Smooth is the best way. ohhhhhhh yes smooth.


----------



## Nonskimmer (Apr 19, 2006)

Uh-huh, yes agreed. Many, many casualties on both sides. Nasty business.


----------



## Hunter368 (Apr 19, 2006)

yes China and USA would get ugly as stated before. China does not care to much about deaths on their side and USA is very touchy about deaths. I think for the USA general pop to except it China would have to do something first on par with what Japan did to the USA in WW2. Now where would this fight happen???? That would be interesting to me.


----------



## elmilitaro (Apr 19, 2006)

Me too.


----------



## Nonskimmer (Apr 19, 2006)

Perhaps as stated before, the ever present issue of Taiwan would spark the war. China still considers it little more than a rogue province, and has never given up on their claim to it.


----------



## Delusional (Apr 19, 2006)

Lol, NS, way to attempt to stay on topic. Les, I laughed at your comment...

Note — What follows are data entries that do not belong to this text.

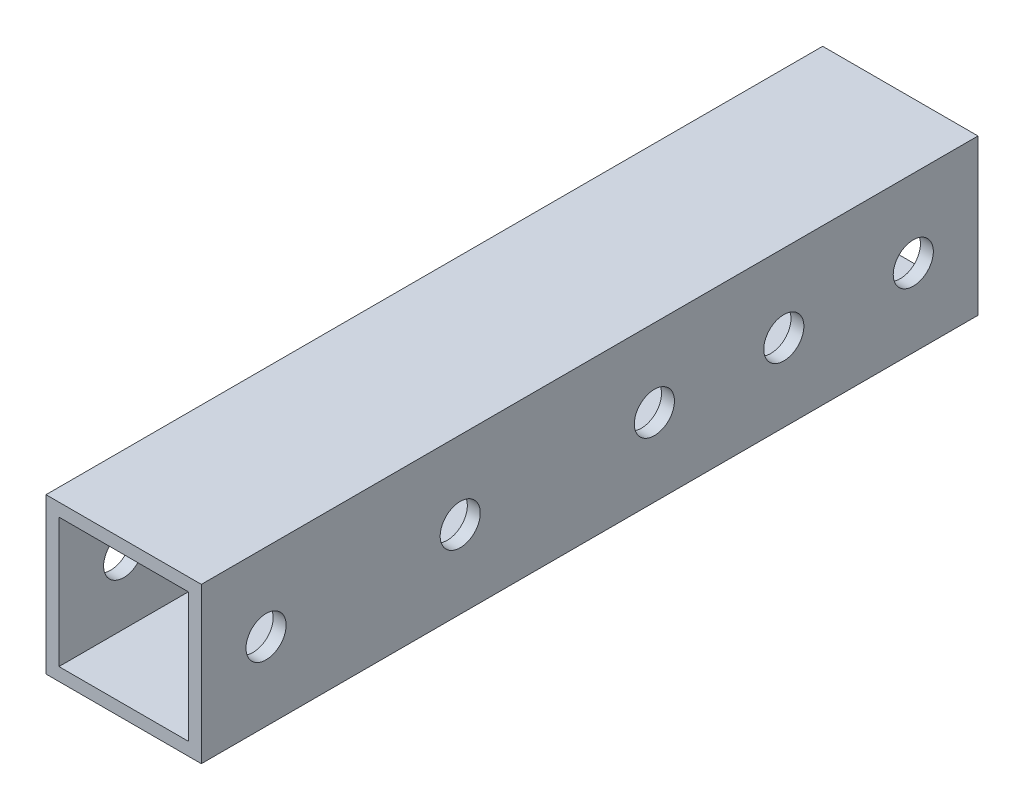
ISO-10303-21;
HEADER;
FILE_DESCRIPTION(('STEP AP214'),'2;1');
FILE_NAME('part.step','',(''),(''),'','','');
FILE_SCHEMA(('AUTOMOTIVE_DESIGN { 1 0 10303 214 1 1 1 1 }'));
ENDSEC;
DATA;
#1=APPLICATION_CONTEXT('core data for automotive mechanical design processes');
#2=APPLICATION_PROTOCOL_DEFINITION('international standard','automotive_design',2000,#1);
#3=PRODUCT_CONTEXT('',#1,'mechanical');
#4=PRODUCT('Part','Part','',(#3));
#5=PRODUCT_RELATED_PRODUCT_CATEGORY('part','',(#4));
#6=PRODUCT_DEFINITION_FORMATION('','',#4);
#7=PRODUCT_DEFINITION_CONTEXT('part definition',#1,'design');
#8=PRODUCT_DEFINITION('design','',#6,#7);
#9=PRODUCT_DEFINITION_SHAPE('','',#8);
#10=(LENGTH_UNIT() NAMED_UNIT(*) SI_UNIT(.MILLI.,.METRE.));
#11=(NAMED_UNIT(*) PLANE_ANGLE_UNIT() SI_UNIT($,.RADIAN.));
#12=(NAMED_UNIT(*) SI_UNIT($,.STERADIAN.) SOLID_ANGLE_UNIT());
#13=UNCERTAINTY_MEASURE_WITH_UNIT(LENGTH_MEASURE(1.E-05),#10,'distance_accuracy_value','');
#14=(GEOMETRIC_REPRESENTATION_CONTEXT(3) GLOBAL_UNCERTAINTY_ASSIGNED_CONTEXT((#13)) GLOBAL_UNIT_ASSIGNED_CONTEXT((#10,
#11,#12)) REPRESENTATION_CONTEXT('',''));
#15=CARTESIAN_POINT('',(0.,0.,0.));
#16=DIRECTION('',(0.,0.,1.));
#17=DIRECTION('',(1.,0.,0.));
#18=AXIS2_PLACEMENT_3D('',#15,#16,#17);
#19=CARTESIAN_POINT('',(0.,0.,-60.));
#20=DIRECTION('',(0.,0.,1.));
#21=DIRECTION('',(-1.,0.,0.));
#22=AXIS2_PLACEMENT_3D('',#19,#20,#21);
#23=PLANE('',#22);
#24=DIRECTION('',(0.,-1.,0.));
#25=VECTOR('',#24,1.);
#26=CARTESIAN_POINT('',(0.,0.,-60.));
#27=LINE('',#26,#25);
#28=CARTESIAN_POINT('',(0.,12.,-60.));
#29=VERTEX_POINT('',#28);
#30=CARTESIAN_POINT('',(0.,0.,-60.));
#31=VERTEX_POINT('',#30);
#32=EDGE_CURVE('E166',#29,#31,#27,.T.);
#33=ORIENTED_EDGE('',*,*,#32,.F.);
#34=DIRECTION('',(-1.,0.,0.));
#35=VECTOR('',#34,1.);
#36=CARTESIAN_POINT('',(0.,12.,-60.));
#37=LINE('',#36,#35);
#38=CARTESIAN_POINT('',(12.,12.,-60.));
#39=VERTEX_POINT('',#38);
#40=EDGE_CURVE('E179',#39,#29,#37,.T.);
#41=ORIENTED_EDGE('',*,*,#40,.F.);
#42=DIRECTION('',(0.,1.,0.));
#43=VECTOR('',#42,1.);
#44=CARTESIAN_POINT('',(12.,0.,-60.));
#45=LINE('',#44,#43);
#46=CARTESIAN_POINT('',(12.,0.,-60.));
#47=VERTEX_POINT('',#46);
#48=EDGE_CURVE('E175',#47,#39,#45,.T.);
#49=ORIENTED_EDGE('',*,*,#48,.F.);
#50=DIRECTION('',(1.,0.,0.));
#51=VECTOR('',#50,1.);
#52=CARTESIAN_POINT('',(0.,0.,-60.));
#53=LINE('',#52,#51);
#54=EDGE_CURVE('E170',#31,#47,#53,.T.);
#55=ORIENTED_EDGE('',*,*,#54,.F.);
#56=EDGE_LOOP('',(#33,#41,#49,#55));
#57=FACE_BOUND('',#56,.T.);
#58=DIRECTION('',(1.,0.,0.));
#59=VECTOR('',#58,1.);
#60=CARTESIAN_POINT('',(1.,1.,-60.));
#61=LINE('',#60,#59);
#62=CARTESIAN_POINT('',(1.,1.,-60.));
#63=VERTEX_POINT('',#62);
#64=CARTESIAN_POINT('',(11.,1.,-60.));
#65=VERTEX_POINT('',#64);
#66=EDGE_CURVE('E117',#63,#65,#61,.T.);
#67=ORIENTED_EDGE('',*,*,#66,.T.);
#68=DIRECTION('',(0.,1.,0.));
#69=VECTOR('',#68,1.);
#70=CARTESIAN_POINT('',(11.,1.,-60.));
#71=LINE('',#70,#69);
#72=CARTESIAN_POINT('',(11.,11.,-60.));
#73=VERTEX_POINT('',#72);
#74=EDGE_CURVE('E127',#65,#73,#71,.T.);
#75=ORIENTED_EDGE('',*,*,#74,.T.);
#76=DIRECTION('',(-1.,0.,0.));
#77=VECTOR('',#76,1.);
#78=CARTESIAN_POINT('',(1.,11.,-60.));
#79=LINE('',#78,#77);
#80=CARTESIAN_POINT('',(1.,11.,-60.));
#81=VERTEX_POINT('',#80);
#82=EDGE_CURVE('E132',#73,#81,#79,.T.);
#83=ORIENTED_EDGE('',*,*,#82,.T.);
#84=DIRECTION('',(0.,-1.,0.));
#85=VECTOR('',#84,1.);
#86=CARTESIAN_POINT('',(1.,1.,-60.));
#87=LINE('',#86,#85);
#88=EDGE_CURVE('E135',#81,#63,#87,.T.);
#89=ORIENTED_EDGE('',*,*,#88,.T.);
#90=EDGE_LOOP('',(#67,#75,#83,#89));
#91=FACE_BOUND('',#90,.T.);
#92=ADVANCED_FACE('F47',(#57,#91),#23,.F.);
#93=CARTESIAN_POINT('',(0.,0.,0.));
#94=DIRECTION('',(0.,0.,1.));
#95=DIRECTION('',(-1.,0.,0.));
#96=AXIS2_PLACEMENT_3D('',#93,#94,#95);
#97=PLANE('',#96);
#98=DIRECTION('',(0.,-1.,0.));
#99=VECTOR('',#98,1.);
#100=CARTESIAN_POINT('',(0.,0.,0.));
#101=LINE('',#100,#99);
#102=CARTESIAN_POINT('',(0.,12.,0.));
#103=VERTEX_POINT('',#102);
#104=CARTESIAN_POINT('',(0.,0.,0.));
#105=VERTEX_POINT('',#104);
#106=EDGE_CURVE('E123',#103,#105,#101,.T.);
#107=ORIENTED_EDGE('',*,*,#106,.T.);
#108=DIRECTION('',(1.,0.,0.));
#109=VECTOR('',#108,1.);
#110=CARTESIAN_POINT('',(0.,0.,0.));
#111=LINE('',#110,#109);
#112=CARTESIAN_POINT('',(12.,0.,0.));
#113=VERTEX_POINT('',#112);
#114=EDGE_CURVE('E187',#105,#113,#111,.T.);
#115=ORIENTED_EDGE('',*,*,#114,.T.);
#116=DIRECTION('',(0.,1.,0.));
#117=VECTOR('',#116,1.);
#118=CARTESIAN_POINT('',(12.,0.,0.));
#119=LINE('',#118,#117);
#120=CARTESIAN_POINT('',(12.,12.,0.));
#121=VERTEX_POINT('',#120);
#122=EDGE_CURVE('E191',#113,#121,#119,.T.);
#123=ORIENTED_EDGE('',*,*,#122,.T.);
#124=DIRECTION('',(-1.,0.,0.));
#125=VECTOR('',#124,1.);
#126=CARTESIAN_POINT('',(0.,12.,0.));
#127=LINE('',#126,#125);
#128=EDGE_CURVE('E171',#121,#103,#127,.T.);
#129=ORIENTED_EDGE('',*,*,#128,.T.);
#130=EDGE_LOOP('',(#107,#115,#123,#129));
#131=FACE_BOUND('',#130,.T.);
#132=DIRECTION('',(0.,-1.,0.));
#133=VECTOR('',#132,1.);
#134=CARTESIAN_POINT('',(1.,1.,0.));
#135=LINE('',#134,#133);
#136=CARTESIAN_POINT('',(1.,11.,0.));
#137=VERTEX_POINT('',#136);
#138=CARTESIAN_POINT('',(1.,1.,0.));
#139=VERTEX_POINT('',#138);
#140=EDGE_CURVE('E137',#137,#139,#135,.T.);
#141=ORIENTED_EDGE('',*,*,#140,.F.);
#142=DIRECTION('',(-1.,0.,0.));
#143=VECTOR('',#142,1.);
#144=CARTESIAN_POINT('',(1.,11.,0.));
#145=LINE('',#144,#143);
#146=CARTESIAN_POINT('',(11.,11.,0.));
#147=VERTEX_POINT('',#146);
#148=EDGE_CURVE('E143',#147,#137,#145,.T.);
#149=ORIENTED_EDGE('',*,*,#148,.F.);
#150=DIRECTION('',(0.,1.,0.));
#151=VECTOR('',#150,1.);
#152=CARTESIAN_POINT('',(11.,1.,0.));
#153=LINE('',#152,#151);
#154=CARTESIAN_POINT('',(11.,1.,0.));
#155=VERTEX_POINT('',#154);
#156=EDGE_CURVE('E155',#155,#147,#153,.T.);
#157=ORIENTED_EDGE('',*,*,#156,.F.);
#158=DIRECTION('',(1.,0.,0.));
#159=VECTOR('',#158,1.);
#160=CARTESIAN_POINT('',(1.,1.,0.));
#161=LINE('',#160,#159);
#162=EDGE_CURVE('E118',#139,#155,#161,.T.);
#163=ORIENTED_EDGE('',*,*,#162,.F.);
#164=EDGE_LOOP('',(#141,#149,#157,#163));
#165=FACE_BOUND('',#164,.T.);
#166=ADVANCED_FACE('F303',(#131,#165),#97,.T.);
#167=CARTESIAN_POINT('',(0.,0.,-60.));
#168=DIRECTION('',(1.,0.,0.));
#169=DIRECTION('',(0.,0.,1.));
#170=AXIS2_PLACEMENT_3D('',#167,#168,#169);
#171=PLANE('',#170);
#172=CARTESIAN_POINT('',(0.,6.,-55.));
#173=DIRECTION('',(-1.,0.,0.));
#174=DIRECTION('',(0.,0.,1.));
#175=AXIS2_PLACEMENT_3D('',#172,#173,#174);
#176=CIRCLE('',#175,1.55);
#177=CARTESIAN_POINT('',(0.,6.,-53.45));
#178=VERTEX_POINT('',#177);
#179=EDGE_CURVE('E255',#178,#178,#176,.T.);
#180=ORIENTED_EDGE('',*,*,#179,.F.);
#181=EDGE_LOOP('',(#180));
#182=FACE_BOUND('',#181,.T.);
#183=CARTESIAN_POINT('',(0.,6.00000000000001,-5.));
#184=DIRECTION('',(-1.,0.,0.));
#185=DIRECTION('',(0.,0.,1.));
#186=AXIS2_PLACEMENT_3D('',#183,#184,#185);
#187=CIRCLE('',#186,1.55);
#188=CARTESIAN_POINT('',(0.,6.00000000000001,-3.45));
#189=VERTEX_POINT('',#188);
#190=EDGE_CURVE('E246',#189,#189,#187,.T.);
#191=ORIENTED_EDGE('',*,*,#190,.F.);
#192=EDGE_LOOP('',(#191));
#193=FACE_BOUND('',#192,.T.);
#194=CARTESIAN_POINT('',(0.,6.00000000000001,-20.));
#195=DIRECTION('',(-1.,0.,0.));
#196=DIRECTION('',(0.,0.,1.));
#197=AXIS2_PLACEMENT_3D('',#194,#195,#196);
#198=CIRCLE('',#197,1.55);
#199=CARTESIAN_POINT('',(0.,6.00000000000001,-18.45));
#200=VERTEX_POINT('',#199);
#201=EDGE_CURVE('E270',#200,#200,#198,.T.);
#202=ORIENTED_EDGE('',*,*,#201,.F.);
#203=EDGE_LOOP('',(#202));
#204=FACE_BOUND('',#203,.T.);
#205=CARTESIAN_POINT('',(0.,6.,-35.));
#206=DIRECTION('',(-1.,0.,0.));
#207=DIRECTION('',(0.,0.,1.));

If the U.S. ever went to war with China, I would see it being because of a war between Japan and China. And the U.S. would have the huge advantage of having more military bases and allies near China than China has near the U.S. Obviously, the war would be mostly naval and aerial. In both facets, the U.S. would do considerably better than China. Technology and money dominates. Any ground fighting would take place in China (or Japan, if the war started as I speculated it would). China would dominate the ground war, but with considerable damage to Chinese civilians, industry, and farmland. The U.S. would keep ground fighting to a minimum and would only engage in ground combat, I think, after some severe bombing. All in all, I think the U.S. could win, but there would obviously be some severe damage in terms of human life and economy on both sides of the war.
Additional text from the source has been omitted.